What do people currently do for more "stream based" workflow topologies (e.g. hyperparameter tuning, iterative optimization etc)?
I'm thinking it might be possible to make a wrapper that creates a redis queue uses flyte serialization and deserialization to serialize things onto/off the queue, and then wraps python generators, but I'm wondering if anyone else has tried something like this.
EDIT: in particular, it would be helpful to know if there is a callable version of the flyte serializer that could be used in something like rq
k
Ketan (kumare3)
02/28/2023, 3:04 PM
❤️ @Eli Bixby you are right. Infact the programming model for Flyte does not dictate batch or stream. Infact we might do something in the future. I do have a spec for StreamLiterals, or stream of literals.
Also these PRs are landing soon - probably 1.5
https://github.com/flyteorg/flytekit/pull/1512
Complete data rewrite to support native streams
https://github.com/flyteorg/flytekit/pull/1518
And yes there is a callable version of Flyte serializer, but let’s do one thing - make an issue and let’s open up the api at the top level so that it gets added to the contract
e
Eli Bixby
03/01/2023, 9:02 AM
Is there a doc somewhere about the data subsystem redesign?

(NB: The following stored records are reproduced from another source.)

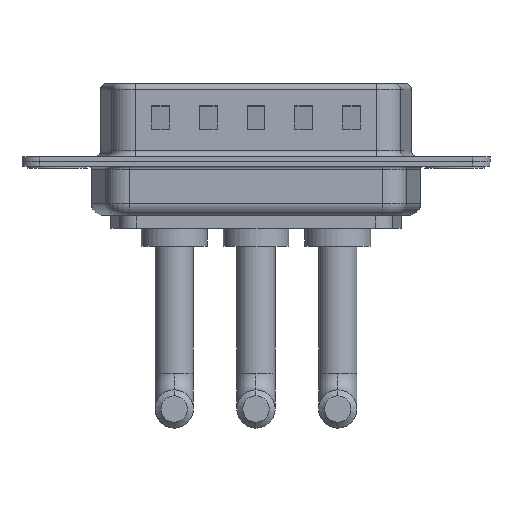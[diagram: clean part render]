
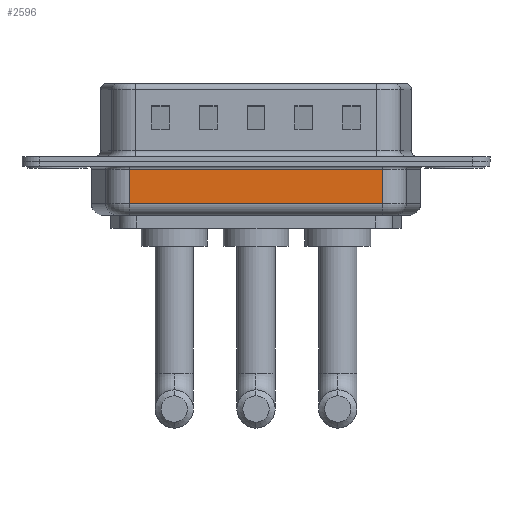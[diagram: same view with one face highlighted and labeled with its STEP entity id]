
A CAD part, front view. The second image highlights one B-rep face of the part: STEP entity #2596.
In plain terms, the highlighted planar face has unit normal (0, -1, 0).
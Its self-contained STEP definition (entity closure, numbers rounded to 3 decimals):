
#237 = CARTESIAN_POINT ( 'NONE',  ( 6.031, -5.35, -3.5 ) ) ;
#526 = PLANE ( 'NONE',  #8087 ) ;
#586 = LINE ( 'NONE', #6873, #3038 ) ;
#955 = ORIENTED_EDGE ( 'NONE', *, *, #12075, .T. ) ;
#1660 = DIRECTION ( 'NONE',  ( 0., 0., 1. ) ) ;
#1802 = CARTESIAN_POINT ( 'NONE',  ( 6.031, -5.35, -4.5 ) ) ;
#2474 = LINE ( 'NONE', #3543, #8834 ) ;
#2596 = ADVANCED_FACE ( 'NONE', ( #10099 ), #526, .F. ) ;
#2928 = VERTEX_POINT ( 'NONE', #9490 ) ;
#3038 = VECTOR ( 'NONE', #13449, 1000. ) ;
#3094 = ORIENTED_EDGE ( 'NONE', *, *, #12304, .T. ) ;
#3543 = CARTESIAN_POINT ( 'NONE',  ( 6.031, -5.35, -4.5 ) ) ;
#4071 = ORIENTED_EDGE ( 'NONE', *, *, #5390, .F. ) ;
#4536 = DIRECTION ( 'NONE',  ( 1., 0., 0. ) ) ;
#5390 = EDGE_CURVE ( 'NONE', #2928, #6860, #2474, .T. ) ;
#5511 = VERTEX_POINT ( 'NONE', #6235 ) ;
#5570 = VECTOR ( 'NONE', #4536, 1000. ) ;
#5960 = DIRECTION ( 'NONE',  ( 0., 0., 1. ) ) ;
#6019 = VERTEX_POINT ( 'NONE', #11602 ) ;
#6235 = CARTESIAN_POINT ( 'NONE',  ( 27.269, -5.35, -3.5 ) ) ;
#6269 = ORIENTED_EDGE ( 'NONE', *, *, #6572, .T. ) ;
#6306 = CARTESIAN_POINT ( 'NONE',  ( 6.031, -5.35, -0.65 ) ) ;
#6572 = EDGE_CURVE ( 'NONE', #2928, #5511, #11772, .T. ) ;
#6714 = CARTESIAN_POINT ( 'NONE',  ( 6.031, -5.35, -0.65 ) ) ;
#6860 = VERTEX_POINT ( 'NONE', #6306 ) ;
#6873 = CARTESIAN_POINT ( 'NONE',  ( 27.269, -5.35, -4.5 ) ) ;
#7093 = DIRECTION ( 'NONE',  ( 0., 1., 0. ) ) ;
#8087 = AXIS2_PLACEMENT_3D ( 'NONE', #1802, #7093, #1660 ) ;
#8235 = EDGE_LOOP ( 'NONE', ( #4071, #6269, #955, #3094 ) ) ;
#8834 = VECTOR ( 'NONE', #5960, 1000. ) ;
#9490 = CARTESIAN_POINT ( 'NONE',  ( 6.031, -5.35, -3.5 ) ) ;
#10099 = FACE_OUTER_BOUND ( 'NONE', #8235, .T. ) ;
#10770 = DIRECTION ( 'NONE',  ( -1., 0., 0. ) ) ;
#11042 = LINE ( 'NONE', #6714, #12681 ) ;
#11602 = CARTESIAN_POINT ( 'NONE',  ( 27.269, -5.35, -0.65 ) ) ;
#11772 = LINE ( 'NONE', #237, #5570 ) ;
#12075 = EDGE_CURVE ( 'NONE', #5511, #6019, #586, .T. ) ;
#12304 = EDGE_CURVE ( 'NONE', #6019, #6860, #11042, .T. ) ;
#12681 = VECTOR ( 'NONE', #10770, 1000. ) ;
#13449 = DIRECTION ( 'NONE',  ( 0., 0., 1. ) ) ;
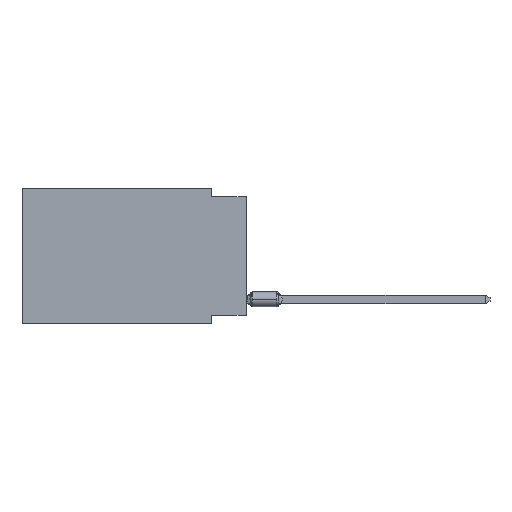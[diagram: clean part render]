
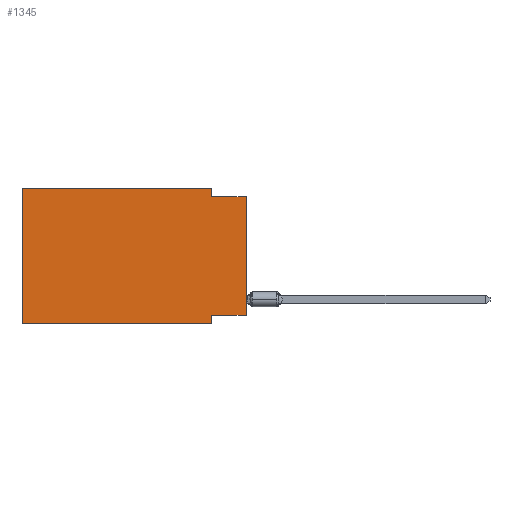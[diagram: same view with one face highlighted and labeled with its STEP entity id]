
A CAD part, left-side view. The second image highlights one B-rep face of the part: STEP entity #1345.
In plain terms, the highlighted planar face has unit normal (-1, 0, 0).
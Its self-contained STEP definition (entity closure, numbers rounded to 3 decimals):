
#441 = CARTESIAN_POINT ( 'NONE',  ( 0., 16.383, 0. ) ) ;
#696 = VERTEX_POINT ( 'NONE', #18842 ) ;
#868 = EDGE_CURVE ( 'NONE', #696, #8788, #4631, .T. ) ;
#1345 = ADVANCED_FACE ( 'NONE', ( #3124 ), #7874, .F. ) ;
#1381 = LINE ( 'NONE', #4547, #15481 ) ;
#1482 = CARTESIAN_POINT ( 'NONE',  ( 0., 16.383, 0. ) ) ;
#1544 = CARTESIAN_POINT ( 'NONE',  ( 0., 16.383, 0. ) ) ;
#1617 = CARTESIAN_POINT ( 'NONE',  ( 0., 16.383, -9.906 ) ) ;
#2354 = ORIENTED_EDGE ( 'NONE', *, *, #4555, .T. ) ;
#2507 = VECTOR ( 'NONE', #8530, 1000. ) ;
#2682 = LINE ( 'NONE', #1482, #5913 ) ;
#3124 = FACE_OUTER_BOUND ( 'NONE', #12951, .T. ) ;
#3347 = CARTESIAN_POINT ( 'NONE',  ( 0., 0., -0.635 ) ) ;
#3785 = VERTEX_POINT ( 'NONE', #3347 ) ;
#3946 = ORIENTED_EDGE ( 'NONE', *, *, #14951, .F. ) ;
#4023 = VECTOR ( 'NONE', #5322, 1000. ) ;
#4160 = CARTESIAN_POINT ( 'NONE',  ( 0., 2.54, -9.906 ) ) ;
#4163 = LINE ( 'NONE', #17864, #2507 ) ;
#4547 = CARTESIAN_POINT ( 'NONE',  ( 0., 0., -9.271 ) ) ;
#4555 = EDGE_CURVE ( 'NONE', #696, #6355, #7459, .T. ) ;
#4631 = LINE ( 'NONE', #441, #17814 ) ;
#5152 = AXIS2_PLACEMENT_3D ( 'NONE', #15219, #13634, #7759 ) ;
#5263 = VECTOR ( 'NONE', #9915, 1000. ) ;
#5322 = DIRECTION ( 'NONE',  ( 0., -1., 0. ) ) ;
#5546 = VECTOR ( 'NONE', #13717, 1000. ) ;
#5562 = ORIENTED_EDGE ( 'NONE', *, *, #11086, .F. ) ;
#5750 = DIRECTION ( 'NONE',  ( 0., -1., 0. ) ) ;
#5757 = ORIENTED_EDGE ( 'NONE', *, *, #7391, .F. ) ;
#5870 = VERTEX_POINT ( 'NONE', #17101 ) ;
#5913 = VECTOR ( 'NONE', #5750, 1000. ) ;
#6355 = VERTEX_POINT ( 'NONE', #9832 ) ;
#6401 = CARTESIAN_POINT ( 'NONE',  ( 0., 2.54, -9.271 ) ) ;
#6527 = EDGE_CURVE ( 'NONE', #19016, #18082, #1381, .T. ) ;
#6542 = EDGE_CURVE ( 'NONE', #19016, #3785, #17867, .T. ) ;
#7391 = EDGE_CURVE ( 'NONE', #18082, #6355, #14579, .T. ) ;
#7459 = LINE ( 'NONE', #1617, #5546 ) ;
#7759 = DIRECTION ( 'NONE',  ( 0., 0., -1. ) ) ;
#7874 = PLANE ( 'NONE',  #5152 ) ;
#8047 = CARTESIAN_POINT ( 'NONE',  ( 0., 2.54, -0.635 ) ) ;
#8530 = DIRECTION ( 'NONE',  ( 0., 0., -1. ) ) ;
#8788 = VERTEX_POINT ( 'NONE', #1544 ) ;
#9660 = ORIENTED_EDGE ( 'NONE', *, *, #6542, .T. ) ;
#9751 = CARTESIAN_POINT ( 'NONE',  ( 0., 0., -9.271 ) ) ;
#9832 = CARTESIAN_POINT ( 'NONE',  ( 0., 2.54, -9.906 ) ) ;
#9915 = DIRECTION ( 'NONE',  ( 0., 0., -1. ) ) ;
#10472 = ORIENTED_EDGE ( 'NONE', *, *, #868, .F. ) ;
#10599 = DIRECTION ( 'NONE',  ( 0., 1., 0. ) ) ;
#11086 = EDGE_CURVE ( 'NONE', #5870, #17484, #4163, .T. ) ;
#11982 = VECTOR ( 'NONE', #14879, 1000. ) ;
#12843 = LINE ( 'NONE', #18930, #4023 ) ;
#12951 = EDGE_LOOP ( 'NONE', ( #9660, #3946, #5562, #16542, #10472, #2354, #5757, #13288 ) ) ;
#13288 = ORIENTED_EDGE ( 'NONE', *, *, #6527, .F. ) ;
#13634 = DIRECTION ( 'NONE',  ( 1., 0., 0. ) ) ;
#13717 = DIRECTION ( 'NONE',  ( 0., -1., 0. ) ) ;
#14579 = LINE ( 'NONE', #4160, #5263 ) ;
#14879 = DIRECTION ( 'NONE',  ( 0., 0., 1. ) ) ;
#14951 = EDGE_CURVE ( 'NONE', #17484, #3785, #12843, .T. ) ;
#15219 = CARTESIAN_POINT ( 'NONE',  ( 0., 16.383, 0. ) ) ;
#15334 = DIRECTION ( 'NONE',  ( 0., 0., 1. ) ) ;
#15481 = VECTOR ( 'NONE', #10599, 1000. ) ;
#16369 = CARTESIAN_POINT ( 'NONE',  ( 0., 0., 0. ) ) ;
#16388 = EDGE_CURVE ( 'NONE', #8788, #5870, #2682, .T. ) ;
#16542 = ORIENTED_EDGE ( 'NONE', *, *, #16388, .F. ) ;
#17101 = CARTESIAN_POINT ( 'NONE',  ( 0., 2.54, 0. ) ) ;
#17484 = VERTEX_POINT ( 'NONE', #8047 ) ;
#17814 = VECTOR ( 'NONE', #15334, 1000. ) ;
#17864 = CARTESIAN_POINT ( 'NONE',  ( 0., 2.54, 0. ) ) ;
#17867 = LINE ( 'NONE', #16369, #11982 ) ;
#18082 = VERTEX_POINT ( 'NONE', #6401 ) ;
#18842 = CARTESIAN_POINT ( 'NONE',  ( 0., 16.383, -9.906 ) ) ;
#18930 = CARTESIAN_POINT ( 'NONE',  ( 0., 0., -0.635 ) ) ;
#19016 = VERTEX_POINT ( 'NONE', #9751 ) ;

As for stream literals, on the python side, I would expect it to work with generators and async generators, so something like:
Copy code
@task
async def foo(input_stream: AsyncGenerator[Literal]) -> AsyncGenerator[Literal]:
async for item in input_stream:
yield do_thing(item)
Would be nice to support async generators as that will make interacting with multiple streams within a task very straight forward.